Eomurruna represents a small, lizard-like organism, only reaching a length of 175mm. It possessed a very short tail, a long flat body as well as enlarged bulbous teeth, a feature not often seen among procolophonids. Eomurruna represents an intermediate stage between a more primitive tooth pattern seen in owenettids, whereas the lower teeth abduct near the side of the tongue, resulting in no tooth-to-tooth collision between the upper and lower teeth. This trait is seen within most horned procolophonids, as an adaptation for herbivory.
Because of this we can say with safety that Eomurruna feed mainly of fibrous, low-lying vegetation as well as (most-likely) occasionally feeding on small invertebrates such as insects.

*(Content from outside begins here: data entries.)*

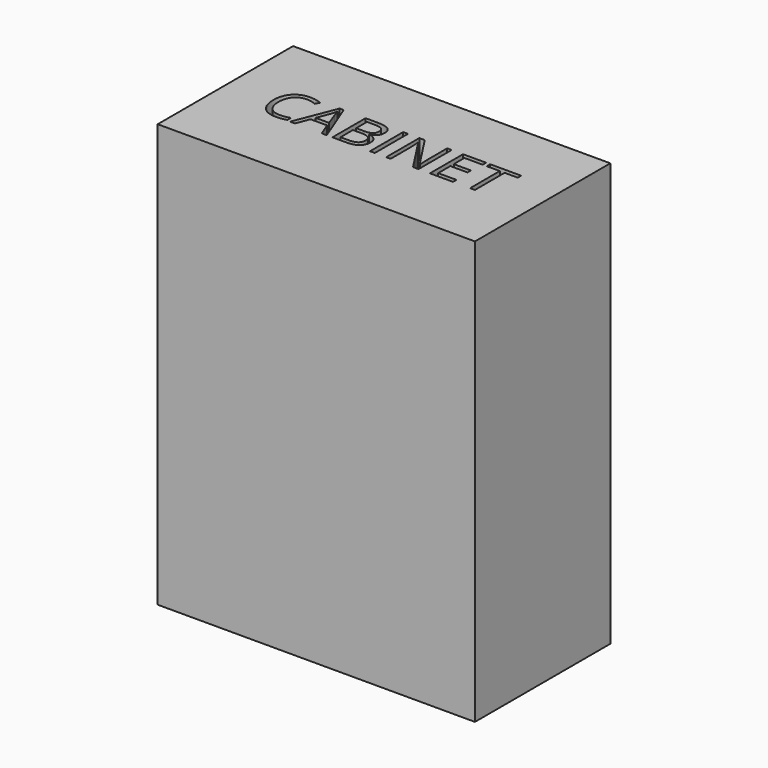
from build123d import *

# Parameters (mm, degrees)
F0_W         = 1500
F0_H         = 800
F1_DEPTH     = 2000
F2_TEXT_SIZE = 274.2268041604
F3_DEPTH     = 92


# Not quite as in the source:
# - Text() gives the source's letters only with a copy of the font that has no kerning and outlines rounded to 1/6400 em; it was checked with that copy


with BuildPart() as f1:
    # F0 (on Top) → F1 (new body)
    with BuildSketch(Plane.XY):
        Rectangle(F0_W, F0_H)
    extrude(amount=F1_DEPTH)

    # F2 (on face) → F3 (cut)
    with BuildSketch(Plane.XY.offset(2000)):
        with Locations((-554.2268157005, -78.804127872)):
            Text('CABINET', F2_TEXT_SIZE, font='Open Sans', text_align=(TextAlign.LEFT, TextAlign.BOTTOM))
    extrude(amount=-F3_DEPTH, mode=Mode.SUBTRACT)


solid = f1.part

In four individuals (QMF 6693, QMF 49497, QMF 49508 and QMF 49511) evidence for tooth replacement is present, adding more support for the hypothesis that procolophonids had a low rate of tooth replacement.

==Paleoecology==
The world Eomurruna inhabited was still recovering from the recent Permian–Triassic extinction event, and as a result global biodiversity had remained low throughout much of the Early Triassic. The world at this time was generally a hot and arid Environment, reaching a temperature of 50 °C or even 60 °C at times.

Currently a high diversity of fauna has so far been recorded from the Arcadia Formation that lived alongside Eomurruna. This includes a high diversity of amphibians including 14 genera, the archosauriform Kalisuchus rewanensis, the archosauromorph Kadimakara australiensis, the lizard Kudnu mackinlayi as well as an indeterminate Dicynodont.